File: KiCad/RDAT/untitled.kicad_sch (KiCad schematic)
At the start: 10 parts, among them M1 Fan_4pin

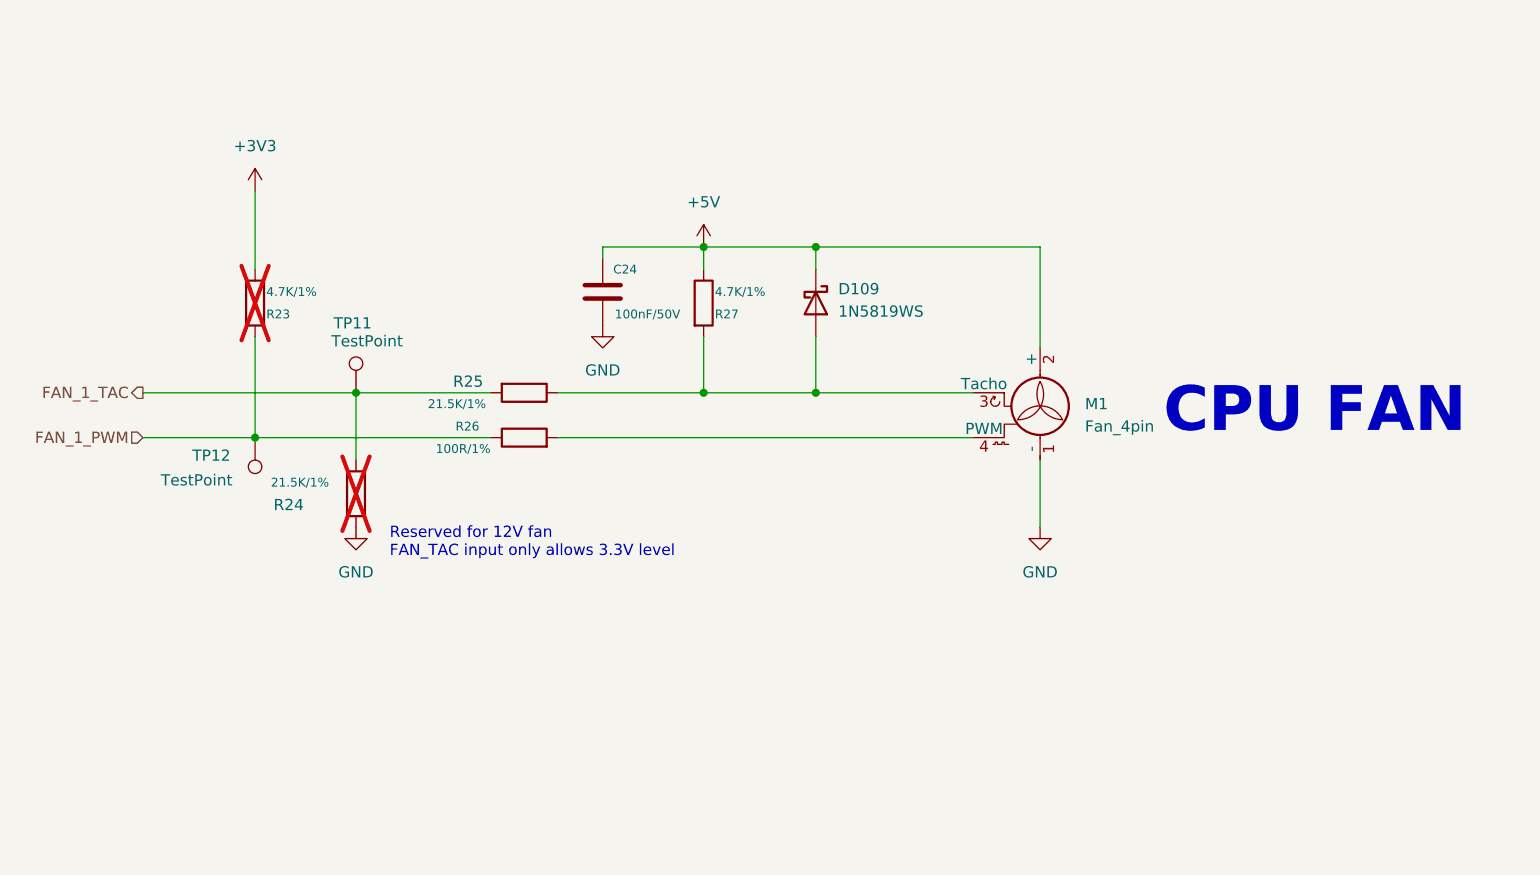
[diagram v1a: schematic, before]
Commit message: Added Libs and DOCS
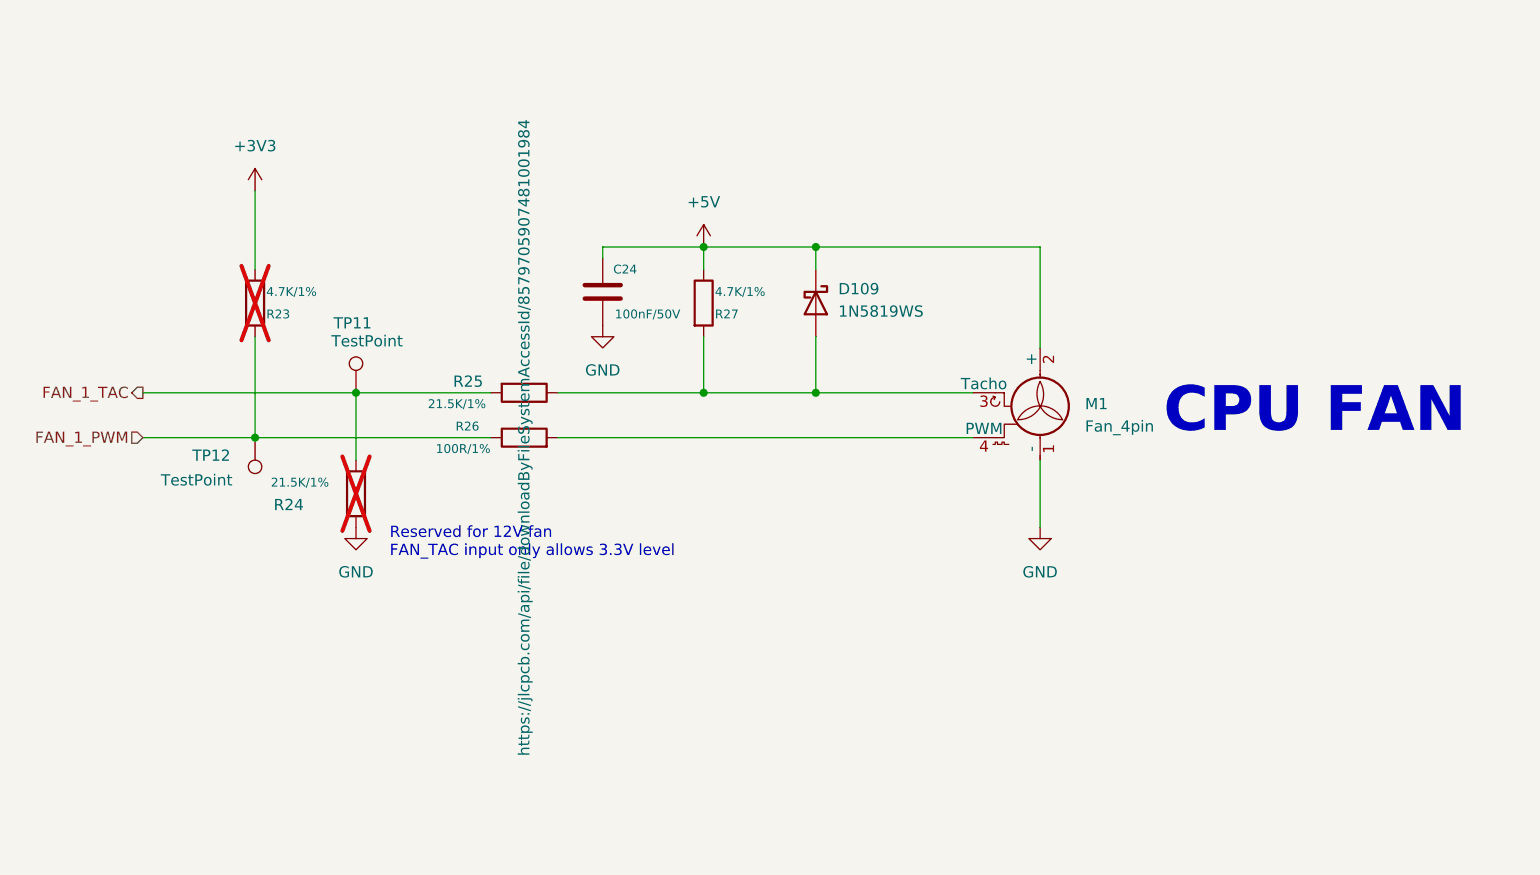
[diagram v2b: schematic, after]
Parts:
- M1: JLCPCB_LINK (none) -> https://jlcpcb.com/partdetail/Jst-B4B_PH_K_K_LF_SN/C5305780
- R26: JLCPCB_LINK (none) -> https://jlcpcb.com/api/file/downloadByFileSystemAccessId/85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
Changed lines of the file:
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@@
 			)
 		)
-		(property "Datasheet" "~"
+		(property "Datasheet" "https://jlcpcb.com/partdetail/25819-0402WGF1000TCE/C25076"
 			(at 139.7 93.98 0)
 			(effects
@@
 			)
 		)
-		(property "JLCPCB_LINK" ""
+		(property "JLCPCB_LINK" "https://jlcpcb.com/api/file/downloadByFileSystemAccessId/8579705907481001984"
 			(at 139.7 93.98 0)
 			(effects
@@
 			)
 		)
-		(property "JLCPCB_LINK" ""
+		(property "JLCPCB_LINK" "https://jlcpcb.com/partdetail/Jst-B4B_PH_K_K_LF_SN/C5305780"
 			(at 198.12 91.44 0)
 			(effects
@@
 					(size 1.27 1.27)
 				)
-			)
-		)
+				(hide yes)
+			)
+		)

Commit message: Sourced and documented all parts
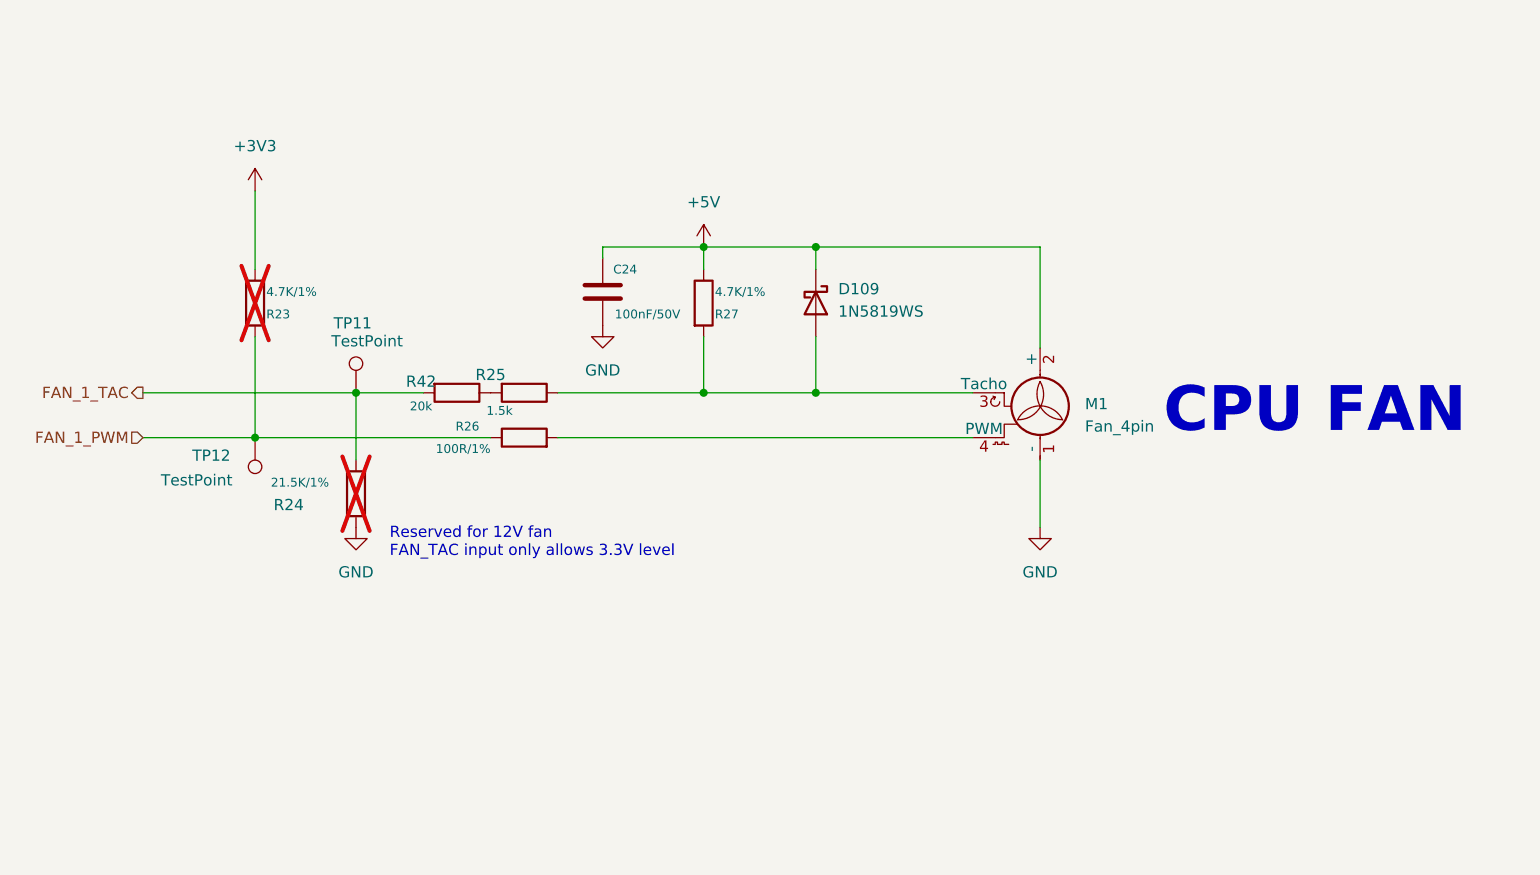
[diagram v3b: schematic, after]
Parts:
- added R42: 20k, A_HDJ_Library:R_0402_1005Metric, symbol Device:R
- C24: JLCPCB_LINK (none) -> https://jlcpcb.com/partdetail/291005-CL05B104KB54PNC/C307331
- D109: JLCPCB_LINK (none) -> https://jlcpcb.com/partdetail/GuangdongHottech-1N5819WS/C19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
- R25: value 21.5K/1% -> 1.5k; JLCPCB_LINK (none) -> https://jlcpcb.com/partdetail/26610-0402WGF1501TCE/C25867
- R26: JLCPCB_LINK https://jlcpcb.com/api/file/downloadByFileSystemAccessId/85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 -> https://jlcpcb.com/partdetail/25819-0402WGF1000TCE/C25076
- R27: JLCPCB_LINK (none) -> https://jlcpcb.com/partdetail/26643-0402WGF4701TCE/C25900
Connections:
- net FAN_1_TAC: now also R42.2; no longer R25.2
- new net: R25.2, R42.1
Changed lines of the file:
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@@
 	(wire
 		(pts
-			(xy 120.65 88.9) (xy 135.89 88.9)
+			(xy 120.65 88.9) (xy 128.27 88.9)
 		)
 		(stroke
@@
 			)
 		)
-		(property "Datasheet" "https://jlcpcb.com/partdetail/25819-0402WGF1000TCE/C25076"
+		(property "Datasheet" "https://jlcpcb.com/api/file/downloadByFileSystemAccessId/8579705907481001984"
 			(at 139.7 93.98 0)
 			(effects
@@
 			)
 		)
-		(property "JLCPCB_LINK" "https://jlcpcb.com/api/file/downloadByFileSystemAccessId/8579705907481001984"
+		(property "JLCPCB_LINK" "https://jlcpcb.com/partdetail/25819-0402WGF1000TCE/C25076"
 			(at 139.7 93.98 0)
 			(effects
@@
 					(size 1.27 1.27)
 				)
+				(hide yes)
 			)
 		)
@@
 			)
 		)
-		(property "Datasheet" "~"
+		(property "Datasheet" "https://jlcpcb.com/api/file/downloadByFileSystemAccessId/8554627388281098240"
 			(at 148.59 77.47 0)
 			(effects
@@
 			)
 		)
-		(property "JLCPCB_LINK" ""
+		(property "JLCPCB_LINK" "https://jlcpcb.com/partdetail/291005-CL05B104KB54PNC/C307331"
 			(at 148.59 77.47 0)
 			(effects
@@
 					(size 1.27 1.27)
 				)
+				(hide yes)
 			)
 		)
@@
 	)
 	(symbol
+		(lib_id "Device:R")
+		(at 132.08 88.9 270)
+		(unit 1)
+		(exclude_from_sim no)
+		(in_bom yes)
+		(on_board yes)
+		(dnp no)
+		(property "Reference" "R42"
+			(at 128.016 87.63 90)
+			(effects
+				(font
+					(size 1.27 1.27)
+				)
+			)
+		)
+		(property "Value" "20k"
+			(at 128.016 90.424 90)
+			(effects
+				(font
+					(size 1 1)
+				)
+			)
+		)
+		(property "Footprint" "A_HDJ_Library:R_0402_1005Metric"
+			(at 132.08 87.122 90)
+			(effects
+				(font
+					(size 1.27 1.27)
+				)
+				(hide yes)
+			)
+		)
+		(property "Datasheet" "https://jlcpcb.com/api/file/downloadByFileSystemAccessId/8579705988980932608"
+			(at 132.08 88.9 0)
+			(effects
+				(font
+					(size 1.27 1.27)
+				)
+				(hide yes)
+			)
+		)
+		(property "Description" ""
+			(at 132.08 88.9 0)
+			(effects
+				(font
+					(size 1.27 1.27)
+				)
+				(hide yes)
+			)
+		)
+		(property "SCH_Show_Footprint" ""
+			(at 132.08 88.9 0)
+			(effects
+				(font
+					(size 1.27 1.27)
+				)
+				(hide yes)
+			)
+		)
+		(property "Sim.Device" ""
+			(at 132.08 88.9 0)
+			(effects
+				(font
+					(size 1.27 1.27)
+				)
+				(hide yes)
+			)
+		)
+		(property "Sim.Pins" ""
+			(at 132.08 88.9 0)
+			(effects
+				(font
+					(size 1.27 1.27)
+				)
+				(hide yes)
+			)
+		)
+		(property "Sim.Type" ""
+			(at 132.08 88.9 0)
+			(effects
+				(font
+					(size 1.27 1.27)
+				)
+				(hide yes)
+			)
+		)
+		(property "JLCPCB_LINK" "https://jlcpcb.com/partdetail/26508-0402WGF2002TCE/C25765"
+			(at 132.08 88.9 0)
+			(effects
+				(font
+					(size 1.27 1.27)
+				)
+				(hide yes)
+			)
+		)
+		(pin "1"
+		)
+		(pin "2"
+		)
+		(instances
+			(project "RDAT"
+				(path "/0db9370a-8a21-4fd2-83a9-f207c3725dc9/2f5ffc1e-d25d-4ef5-8610-5326cc58210f"
+					(reference "R42")
+					(unit 1)
+				)
+			)
+		)
+	)
+	(symbol
 		(lib_id "power:+5V")
 		(at 160.02 72.39 0)
@@
 		(dnp no)
 		(property "Reference" "R25"
-			(at 133.35 87.63 90)
-			(effects
-				(font
-					(size 1.27 1.27)
-				)
-			)
-		)
-		(property "Value" "21.5K/1%"
-			(at 132.08 90.17 90)
+			(at 135.89 86.868 90)
+			(effects
+				(font
+					(size 1.27 1.27)
+				)
+			)
+		)
+		(property "Value" "1.5k"
+			(at 136.906 90.932 90)
 			(effects
 				(font
@@
 			)
 		)
-		(property "Datasheet" "~"
+		(property "Datasheet" "https://jlcpcb.com/api/file/downloadByFileSystemAccessId/8579705932919590912"
 			(at 139.7 88.9 0)
 			(effects
@@
 			)
 		)
-		(property "JLCPCB_LINK" ""
+		(property "JLCPCB_LINK" "https://jlcpcb.com/partdetail/26610-0402WGF1501TCE/C25867"
 			(at 139.7 88.9 0)
 			(effects
@@
 					(size 1.27 1.27)
 				)
+				(hide yes)
 			)
 		)
@@
 			)
 		)
-		(property "Datasheet" "https://datasheet.lcsc.com/lcsc/2204281430_Guangdong-Hottech-1N5819WS_C191023.pdf"
+		(property "Datasheet" "https://jlcpcb.com/api/file/downloadByFileSystemAccessId/8550723919347523584"
 			(at 172.72 78.74 0)
 			(effects
@@
 			)
 		)
-		(property "JLCPCB_LINK" ""
+		(property "JLCPCB_LINK" "https://jlcpcb.com/partdetail/GuangdongHottech-1N5819WS/C191023"
 			(at 172.72 78.74 0)
 			(effects
@@
 					(size 1.27 1.27)
 				)
+				(hide yes)
 			)
 		)
@@
 			)
 		)
-		(property "Datasheet" "~"
+		(property "Datasheet" "https://jlcpcb.com/api/file/downloadByFileSystemAccessId/8579705941367193600"
 			(at 160.02 78.74 0)
 			(effects
@@
 			)
 		)
-		(property "JLCPCB_LINK" ""
+		(property "JLCPCB_LINK" "https://jlcpcb.com/partdetail/26643-0402WGF4701TCE/C25900"
 			(at 160.02 78.74 0)
 			(effects
@@
 					(size 1.27 1.27)
 				)
-			)
-		)
+				(hide yes)
+			)
+		)

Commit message: Push before Board Layout
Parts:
- C24: footprint A_HDJ_Library:C_0402_1005Metric -> Capacitor_SMD:C_0402_1005Metric
- D109: footprint A_HDJ_Library:D_SOD-323 -> Diode_SMD:D_SOD-323
- M1: footprint A_HDJ_Library:JST_PH_B4B-PH-K_1x04_P2.00mm_Vertical -> footprints:JST_B4B-PH-SM4-TBT_LF__SN_
- R25, R26, R27, R42: footprint A_HDJ_Library:R_0402_1005Metric -> Resistor_SMD:R_0402_1005Metric
- TP11, TP12: footprint A_HDJ_Library:TestPoint_Pad_D1.5mm -> TestPoint:TestPoint_Pad_D1.0mm
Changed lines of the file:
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@@
 			)
 		)
-		(property "Footprint" "A_HDJ_Library:R_0402_1005Metric"
+		(property "Footprint" "Resistor_SMD:R_0402_1005Metric"
 			(at 139.7 95.758 90)
 			(effects
@@
 			)
 		)
-		(property "Footprint" "A_HDJ_Library:C_0402_1005Metric"
+		(property "Footprint" "Capacitor_SMD:C_0402_1005Metric"
 			(at 149.5552 81.28 0)
 			(effects
@@
 			)
 		)
-		(property "Footprint" "A_HDJ_Library:TestPoint_Pad_D1.5mm"
+		(property "Footprint" "TestPoint:TestPoint_Pad_D1.0mm"
 			(at 104.14 93.98 0)
 			(effects
@@
 			)
 		)
-		(property "Footprint" "A_HDJ_Library:R_0402_1005Metric"
+		(property "Footprint" "Resistor_SMD:R_0402_1005Metric"
 			(at 132.08 87.122 90)
 			(effects
@@
 			)
 		)
-		(property "Footprint" "A_HDJ_Library:JST_PH_B4B-PH-K_1x04_P2.00mm_Vertical"
+		(property "Footprint" "footprints:JST_B4B-PH-SM4-TBT_LF__SN_"
 			(at 198.12 91.186 0)
 			(effects
@@
 			)
 		)
-		(property "Footprint" "A_HDJ_Library:R_0402_1005Metric"
+		(property "Footprint" "Resistor_SMD:R_0402_1005Metric"
 			(at 139.7 87.122 90)
 			(effects
@@
 			)
 		)
-		(property "Footprint" "A_HDJ_Library:D_SOD-323"
+		(property "Footprint" "Diode_SMD:D_SOD-323"
 			(at 168.275 78.74 0)
 			(effects
@@
 			)
 		)
-		(property "Footprint" "A_HDJ_Library:R_0402_1005Metric"
+		(property "Footprint" "Resistor_SMD:R_0402_1005Metric"
 			(at 158.242 78.74 90)
 			(effects
@@
 			)
 		)
-		(property "Footprint" "A_HDJ_Library:TestPoint_Pad_D1.5mm"
+		(property "Footprint" "TestPoint:TestPoint_Pad_D1.0mm"
 			(at 125.73 88.9 0)
 			(effects

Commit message: End Of day commit
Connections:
- net GND: now also M1.SH1 (Sheild), M1.SH2 (Sheild)
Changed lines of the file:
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@@
+	)
+	(junction
+		(at 198.12 96.52)
+		(diameter 0)
+		(color 0 0 0 0)
 	)
 	(junction
@@
 	(wire
 		(pts
+			(xy 212.09 86.36) (xy 212.09 96.52)
+		)
+		(stroke
+			(width 0)
+			(type default)
+		)
+	)
+	(wire
+		(pts
 			(xy 96.52 93.98) (xy 109.22 93.98)
 		)
@@
 	(wire
 		(pts
+			(xy 205.74 86.36) (xy 212.09 86.36)
+		)
+		(stroke
+			(width 0)
+			(type default)
+		)
+	)
+	(wire
+		(pts
 			(xy 143.51 93.98) (xy 190.5 93.98)
+		)
+		(stroke
+			(width 0)
+			(type default)
+		)
+	)
+	(wire
+		(pts
+			(xy 198.12 96.52) (xy 212.09 96.52)
 		)
 		(stroke
@@
 		(pin "4"
 		)
+		(pin "SH1"
+		)
+		(pin "SH2"
+		)
 		(instances

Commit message: 2x checing of bom on JLCPCB
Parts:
- C24: value 100nF/50V -> 100nF
- R26: value 100R/1% -> 100R
- R27: value 4.7K/1% -> 4.7K
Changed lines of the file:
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@@
 			)
 		)
-		(property "Value" "100R/1%"
+		(property "Value" "100R"
 			(at 135.89 95.25 90)
 			(effects
@@
 				)
 				(hide yes)
+			)
+		)
+		(property "JLCPCB_PART_NUMBER" ""
+			(at 139.7 93.98 0)
+			(effects
+				(font
+					(size 1.27 1.27)
+				)
 			)
 		)
@@
 			)
 		)
+		(property "JLCPCB_PART_NUMBER" ""
+			(at 120.65 100.33 0)
+			(effects
+				(font
+					(size 1.27 1.27)
+				)
+			)
+		)
 		(pin "1"
 		)
@@
 			)
 		)
-		(property "Value" "100nF/50V"
+		(property "Value" "100nF"
 			(at 153.67 80.01 0)
 			(effects
@@
 				)
 				(hide yes)
+			)
+		)
+		(property "JLCPCB_PART_NUMBER" ""
+			(at 148.59 77.47 0)
+			(effects
+				(font
+					(size 1.27 1.27)
+				)
 			)
 		)
@@
 		)
 		(property "JLCPCB_LINK" ""
+			(at 109.22 93.98 0)
+			(effects
+				(font
+					(size 1.27 1.27)
+				)
+			)
+		)
+		(property "JLCPCB_PART_NUMBER" ""
 			(at 109.22 93.98 0)
 			(effects
@@
 			)
 		)
+		(property "JLCPCB_PART_NUMBER" ""
+			(at 132.08 88.9 0)
+			(effects
+				(font
+					(size 1.27 1.27)
+				)
+			)
+		)
 		(pin "1"
 		)
@@
 			)
 		)
+		(property "JLCPCB_PART_NUMBER" ""
+			(at 109.22 78.74 0)
+			(effects
+				(font
+					(size 1.27 1.27)
+				)
+			)
+		)
 		(pin "1"
 		)
@@
 			)
 		)
+		(property "JLCPCB_PART_NUMBER" ""
+			(at 198.12 91.44 0)
+			(effects
+				(font
+					(size 1.27 1.27)
+				)
+			)
+		)
 		(pin "1"
 		)
@@
 				)
 				(hide yes)
+			)
+		)
+		(property "JLCPCB_PART_NUMBER" ""
+			(at 139.7 88.9 0)
+			(effects
+				(font
+					(size 1.27 1.27)
+				)
 			)
 		)
@@
 			)
 		)
+		(property "JLCPCB_PART_NUMBER" ""
+			(at 172.72 78.74 0)
+			(effects
+				(font
+					(size 1.27 1.27)
+				)
+			)
+		)
 		(pin "1"
 		)
@@
 			)
 		)
-		(property "Value" "4.7K/1%"
+		(property "Value" "4.7K"
 			(at 161.29 77.47 0)
 			(effects
@@
 				)
 				(hide yes)
+			)
+		)
+		(property "JLCPCB_PART_NUMBER" ""
+			(at 160.02 78.74 0)
+			(effects
+				(font
+					(size 1.27 1.27)
+				)
 			)
 		)
@@
 			(at 120.65 88.9 0)
 			(effects
+				(font
+					(size 1.27 1.27)
+				)
+			)
+		)
+		(property "JLCPCB_PART_NUMBER" ""
+			(at 120.65 88.9 0)
+			(effects

→ Exercise
For this answer, retype the lines from the start of the listing through the line that holds "- added R42: 20k, A_HDJ_Library:R_0402_1005Metric, symbol", inclusive, exactly and without pictures.

→ Expected output
File: KiCad/RDAT/untitled.kicad_sch (KiCad schematic)
At the start: 10 parts, among them M1 Fan_4pin

[diagram v1a: schematic, before]
Commit message: Added Libs and DOCS
[diagram v2b: schematic, after]
Parts:
- M1: JLCPCB_LINK (none) -> https://jlcpcb.com/partdetail/Jst-B4B_PH_K_K_LF_SN/C5305780
- R26: JLCPCB_LINK (none) -> https://jlcpcb.com/api/file/downloadByFileSystemAccessId/85
Changed lines of the file:
@@
 			)
 		)
-		(property "Datasheet" "~"
+		(property "Datasheet" "https://jlcpcb.com/partdetail/25819-0402WGF1000TCE/C25076"
 			(at 139.7 93.98 0)
 			(effects
@@
 			)
 		)
-		(property "JLCPCB_LINK" ""
+		(property "JLCPCB_LINK" "https://jlcpcb.com/api/file/downloadByFileSystemAccessId/8579705907481001984"
 			(at 139.7 93.98 0)
 			(effects
@@
 			)
 		)
-		(property "JLCPCB_LINK" ""
+		(property "JLCPCB_LINK" "https://jlcpcb.com/partdetail/Jst-B4B_PH_K_K_LF_SN/C5305780"
 			(at 198.12 91.44 0)
 			(effects
@@
 					(size 1.27 1.27)
 				)
-			)
-		)
+				(hide yes)
+			)
+		)

Commit message: Sourced and documented all parts
[diagram v3b: schematic, after]
Parts:
- added R42: 20k, A_HDJ_Library:R_0402_1005Metric, symbol Device:R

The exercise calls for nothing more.